# CH/MH breedings



## luvmylabs23139 (Jun 4, 2005)

If anyone knows of anyone who has an upcoming breeding with a CH/MH parent could you send me a pm. I know this is searching for a needle in a haystack. I don't want this to be a show field debate. This type of breeding fits both of our needs in our next lab and our personal schedules. WE are ready to find the new pup as our youngest is now 7 1/2. (BLADES'SON)


----------



## Kempel20 (Apr 11, 2011)

Check Deep Run Retrievers in Virginia. They have 2 CH/MH males. They have a website, and usually always have litters available.


----------



## luvmylabs23139 (Jun 4, 2005)

thanks not for moving a resonable post to the classifieds


----------



## Furball (Feb 23, 2006)

Yeah not sure why they moved your post to the obscure classified forum. Anyhow check out www.kerrybrooksvince.com
Best of luck


----------



## Angie B (Sep 30, 2003)

CH/MH Rio has a few litters coming up. Just contact his owner. http://www.tiogaretrievers.com/?page_id=7

Angie


----------



## Angie B (Sep 30, 2003)

I also did a breeding yesterday between my gal Amy.. http://www.tiogaretrievers.com/?page_id=21



and Deep Runs Casablanca. Casey needs 1 more pass for his master and I believe 1 major for his CH. I did see Casey in person and liked him very much. He's very balanced and a good mover.










Angie


----------



## Steve Babcock (Dec 3, 2005)

Nice looking dog


----------



## kona's mom (Dec 30, 2008)

PM sent to you


----------



## Chris Atkinson (Jan 3, 2003)

I get why the thread was moved to the wanted section, but I also see that you've requested PM info, and are not, in my opinion, seeking to tee-up some workaround bogus cheater for something that belongs on the classifieds. I left the one version of the thread on the wanted section, but have moved a copy back to RTF.
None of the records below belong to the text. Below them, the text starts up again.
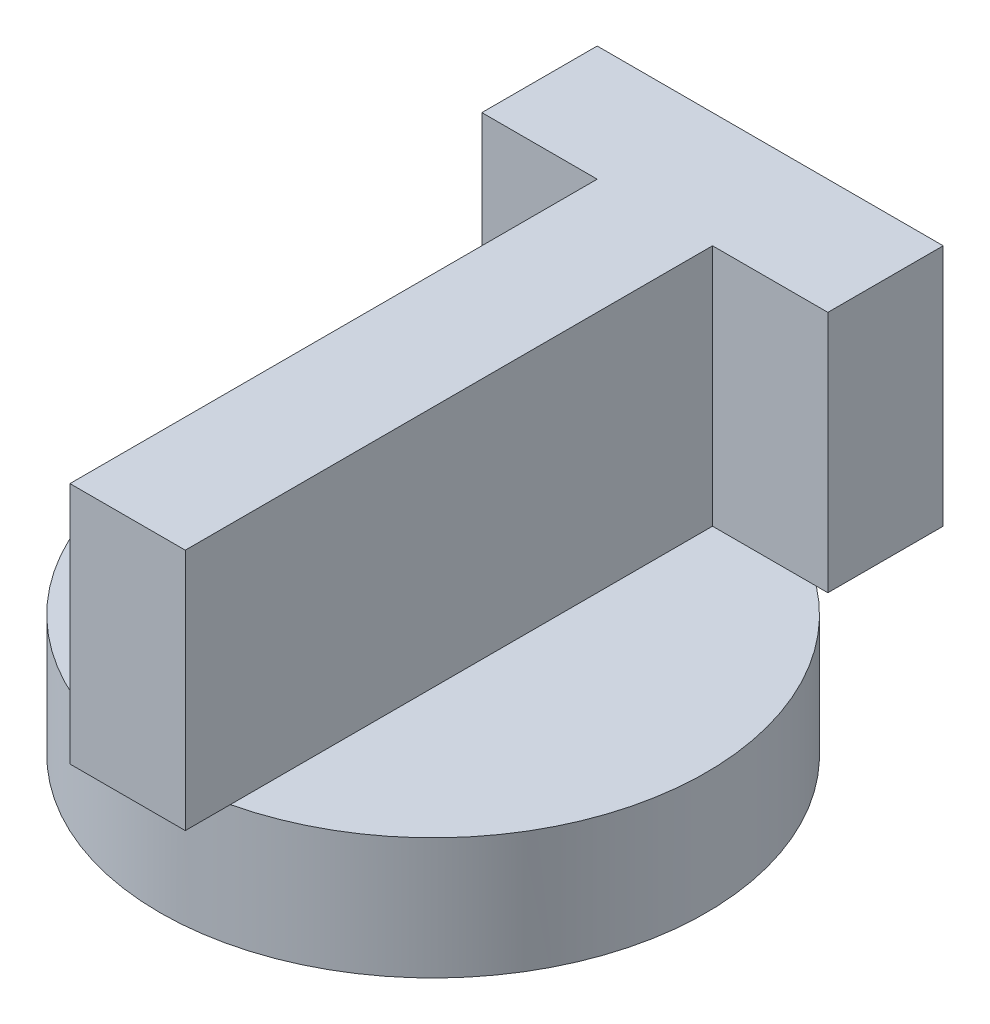
ISO-10303-21;
HEADER;
FILE_DESCRIPTION(('STEP AP214'),'2;1');
FILE_NAME('part.step','',(''),(''),'','','');
FILE_SCHEMA(('AUTOMOTIVE_DESIGN { 1 0 10303 214 1 1 1 1 }'));
ENDSEC;
DATA;
#1=APPLICATION_CONTEXT('core data for automotive mechanical design processes');
#2=APPLICATION_PROTOCOL_DEFINITION('international standard','automotive_design',2000,#1);
#3=PRODUCT_CONTEXT('',#1,'mechanical');
#4=PRODUCT('Part','Part','',(#3));
#5=PRODUCT_RELATED_PRODUCT_CATEGORY('part','',(#4));
#6=PRODUCT_DEFINITION_FORMATION('','',#4);
#7=PRODUCT_DEFINITION_CONTEXT('part definition',#1,'design');
#8=PRODUCT_DEFINITION('design','',#6,#7);
#9=PRODUCT_DEFINITION_SHAPE('','',#8);
#10=(LENGTH_UNIT() NAMED_UNIT(*) SI_UNIT(.MILLI.,.METRE.));
#11=(NAMED_UNIT(*) PLANE_ANGLE_UNIT() SI_UNIT($,.RADIAN.));
#12=(NAMED_UNIT(*) SI_UNIT($,.STERADIAN.) SOLID_ANGLE_UNIT());
#13=UNCERTAINTY_MEASURE_WITH_UNIT(LENGTH_MEASURE(1.E-05),#10,'distance_accuracy_value','');
#14=(GEOMETRIC_REPRESENTATION_CONTEXT(3) GLOBAL_UNCERTAINTY_ASSIGNED_CONTEXT((#13)) GLOBAL_UNIT_ASSIGNED_CONTEXT((#10,
#11,#12)) REPRESENTATION_CONTEXT('',''));
#15=CARTESIAN_POINT('',(0.,0.,0.));
#16=DIRECTION('',(0.,0.,1.));
#17=DIRECTION('',(1.,0.,0.));
#18=AXIS2_PLACEMENT_3D('',#15,#16,#17);
#19=CARTESIAN_POINT('',(0.,10.,0.));
#20=DIRECTION('',(0.,1.,0.));
#21=DIRECTION('',(0.,0.,1.));
#22=AXIS2_PLACEMENT_3D('',#19,#20,#21);
#23=PLANE('',#22);
#24=CARTESIAN_POINT('',(0.,10.,0.));
#25=DIRECTION('',(0.,1.,0.));
#26=DIRECTION('',(0.,0.,1.));
#27=AXIS2_PLACEMENT_3D('',#24,#25,#26);
#28=CIRCLE('',#27,22.5);
#29=CARTESIAN_POINT('',(5.18957559133582,10.,21.8933392880531));
#30=VERTEX_POINT('',#29);
#31=CARTESIAN_POINT('',(13.7379591400478,10.,-17.8190481975435));
#32=VERTEX_POINT('',#31);
#33=EDGE_CURVE('E249',#30,#32,#28,.T.);
#34=ORIENTED_EDGE('',*,*,#33,.T.);
#35=DIRECTION('',(-1.,0.,0.));
#36=VECTOR('',#35,1.);
#37=CARTESIAN_POINT('',(14.6874388391991,10.,-17.8190481975435));
#38=LINE('',#37,#36);
#39=CARTESIAN_POINT('',(5.18957559133582,10.,-17.8190481975435));
#40=VERTEX_POINT('',#39);
#41=EDGE_CURVE('E11',#32,#40,#38,.T.);
#42=ORIENTED_EDGE('',*,*,#41,.T.);
#43=DIRECTION('',(0.,0.,1.));
#44=VECTOR('',#43,1.);
#45=CARTESIAN_POINT('',(5.18957559133582,10.,-17.8190481975435));
#46=LINE('',#45,#44);
#47=EDGE_CURVE('E223',#40,#30,#46,.T.);
#48=ORIENTED_EDGE('',*,*,#47,.T.);
#49=EDGE_LOOP('',(#34,#42,#48));
#50=FACE_BOUND('',#49,.T.);
#51=ADVANCED_FACE('F43',(#50),#23,.T.);
#52=CARTESIAN_POINT('',(-13.7379591400478,10.,-17.8190481975435));
#53=VERTEX_POINT('',#52);
#54=CARTESIAN_POINT('',(-4.30828765652743,10.,22.083674002951));
#55=VERTEX_POINT('',#54);
#56=EDGE_CURVE('E256',#53,#55,#28,.T.);
#57=ORIENTED_EDGE('',*,*,#56,.T.);
#58=DIRECTION('',(0.,0.,-1.));
#59=VECTOR('',#58,1.);
#60=CARTESIAN_POINT('',(-4.30828765652743,10.,25.59975522126));
#61=LINE('',#60,#59);
#62=CARTESIAN_POINT('',(-4.30828765652743,10.,-17.8190481975435));
#63=VERTEX_POINT('',#62);
#64=EDGE_CURVE('E52',#55,#63,#61,.T.);
#65=ORIENTED_EDGE('',*,*,#64,.T.);
#66=DIRECTION('',(-1.,0.,0.));
#67=VECTOR('',#66,1.);
#68=CARTESIAN_POINT('',(-4.30828765652743,10.,-17.8190481975435));
#69=LINE('',#68,#67);
#70=EDGE_CURVE('E191',#63,#53,#69,.T.);
#71=ORIENTED_EDGE('',*,*,#70,.T.);
#72=EDGE_LOOP('',(#57,#65,#71));
#73=FACE_BOUND('',#72,.T.);
#74=ADVANCED_FACE('F279',(#73),#23,.T.);
#75=CARTESIAN_POINT('',(0.,10.,0.));
#76=DIRECTION('',(0.,-1.,0.));
#77=DIRECTION('',(0.,0.,-1.));
#78=AXIS2_PLACEMENT_3D('',#75,#76,#77);
#79=CYLINDRICAL_SURFACE('',#78,22.5);
#80=ORIENTED_EDGE('',*,*,#33,.F.);
#81=EDGE_CURVE('E252',#55,#30,#28,.T.);
#82=ORIENTED_EDGE('',*,*,#81,.F.);
#83=ORIENTED_EDGE('',*,*,#56,.F.);
#84=EDGE_CURVE('E251',#32,#53,#28,.T.);
#85=ORIENTED_EDGE('',*,*,#84,.F.);
#86=EDGE_LOOP('',(#80,#82,#83,#85));
#87=FACE_BOUND('',#86,.T.);
#88=CARTESIAN_POINT('',(0.,0.,0.));
#89=DIRECTION('',(0.,1.,0.));
#90=DIRECTION('',(0.,0.,1.));
#91=AXIS2_PLACEMENT_3D('',#88,#89,#90);
#92=CIRCLE('',#91,22.5);
#93=CARTESIAN_POINT('',(0.,0.,22.5));
#94=VERTEX_POINT('',#93);
#95=EDGE_CURVE('E47',#94,#94,#92,.T.);
#96=ORIENTED_EDGE('',*,*,#95,.T.);
#97=EDGE_LOOP('',(#96));
#98=FACE_BOUND('',#97,.T.);
#99=ADVANCED_FACE('F45',(#87,#98),#79,.T.);
#100=CARTESIAN_POINT('',(0.,0.,0.));
#101=DIRECTION('',(0.,1.,0.));
#102=DIRECTION('',(0.,0.,1.));
#103=AXIS2_PLACEMENT_3D('',#100,#101,#102);
#104=PLANE('',#103);
#105=CARTESIAN_POINT('',(0.,0.,0.));
#106=DIRECTION('',(0.,-1.,0.));
#107=DIRECTION('',(0.,0.,-1.));
#108=AXIS2_PLACEMENT_3D('',#105,#106,#107);
#109=CIRCLE('',#108,21.5);
#110=CARTESIAN_POINT('',(4.83856503950974,0.,20.9484674465326));
#111=VERTEX_POINT('',#110);
#112=CARTESIAN_POINT('',(-4.83856503950294,0.,20.9484674465341));
#113=VERTEX_POINT('',#112);
#114=EDGE_CURVE('E177',#111,#113,#109,.T.);
#115=ORIENTED_EDGE('',*,*,#114,.F.);
#116=DIRECTION('',(-0.471428571428459,0.,0.881904247660097));
#117=VECTOR('',#116,1.);
#118=CARTESIAN_POINT('',(12.4726457883362,0.,6.66734693877418));
#119=LINE('',#118,#117);
#120=CARTESIAN_POINT('',(14.5514200863916,0.,2.77857142856957));
#121=VERTEX_POINT('',#120);
#122=EDGE_CURVE('E61',#121,#111,#119,.T.);
#123=ORIENTED_EDGE('',*,*,#122,.F.);
#124=CARTESIAN_POINT('',(0.,0.,-5.));
#125=DIRECTION('',(0.,-1.,0.));
#126=DIRECTION('',(0.,0.,-1.));
#127=AXIS2_PLACEMENT_3D('',#124,#125,#126);
#128=CIRCLE('',#127,16.5);
#129=CARTESIAN_POINT('',(-14.5514200863896,0.,2.77857142857328));
#130=VERTEX_POINT('',#129);
#131=EDGE_CURVE('E168',#130,#121,#128,.T.);
#132=ORIENTED_EDGE('',*,*,#131,.F.);
#133=DIRECTION('',(-0.471428571428684,0.,-0.881904247659977));
#134=VECTOR('',#133,1.);
#135=CARTESIAN_POINT('',(-12.4726457883335,0.,6.66734693877684));
#136=LINE('',#135,#134);
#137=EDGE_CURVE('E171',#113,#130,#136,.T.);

I'll send you a PM with my suggestion, and cc the breeder whom I think could be helpful.


----------



## JusticeDog (Jul 3, 2003)

Cresthill kennels in Virginia is "doing the dual" these days. Check our their website.


----------



## 1morex (Aug 10, 2010)

Angie B said:


> I also did a breeding yesterday between my gal Amy.. http://www.tiogaretrievers.com/?page_id=21
> 
> 
> 
> ...


WOW really nice looking bitch you have there! Can you tell me the weight and height at the withers of these two dogs. I have started looking for a Lab for retrieving my ducks and running hunt tests with and although am not really ready timewise but could easily change my mind


----------



## windycanyon (Dec 21, 2007)

1morex said:


> WOW really nice looking bitch you have there! Can you tell me the weight and height at the withers of these two dogs. I have started looking for a Lab for retrieving my ducks and running hunt tests with and although am not really ready timewise but could easily change my mind


Hmmmmm, I dont think that's AMY.... wrong plumbing for an Amy last I knew.....


----------



## windycanyon (Dec 21, 2007)

There are several of us who are doing nice breedings. I am really liking what I'm seeing w/ my CH/MH Goose (CH hiddensprings blue goose MH) pups right now. Of course mom is linebred on CH/MH Bandit too, so hard not to like it all!!!!


----------



## Nicole (Jul 8, 2007)

What CH/MH's do you like? Have you tried contacting their owners and asking about current upcoming litters?  If you like Blades, Kim has a MH son (out of a CH/MH bitch) that may have something that would float your boat... http://www.anewretrievers.com/index.html


----------



## Angie B (Sep 30, 2003)

1morex said:


> WOW really nice looking bitch you have there! Can you tell me the weight and height at the withers of these two dogs. I have started looking for a Lab for retrieving my ducks and running hunt tests with and although am not really ready timewise but could easily change my mind


Amy is 22" and I didn't tape Casey but I'm guessing he's 24". Amy is around 55lbs and when I saw Casey he was in the upper 70's. Yellows and blacks are expected.

Amy has siblings that are MH's, and are or close to being MH's. All are hunted extensively.

Contact me directly and I can send you pics and particulars.

Angie


----------



## 1morex (Aug 10, 2010)

windycanyon said:


> Hmmmmm, I dont think that's AMY.... wrong plumbing for an Amy last I knew.....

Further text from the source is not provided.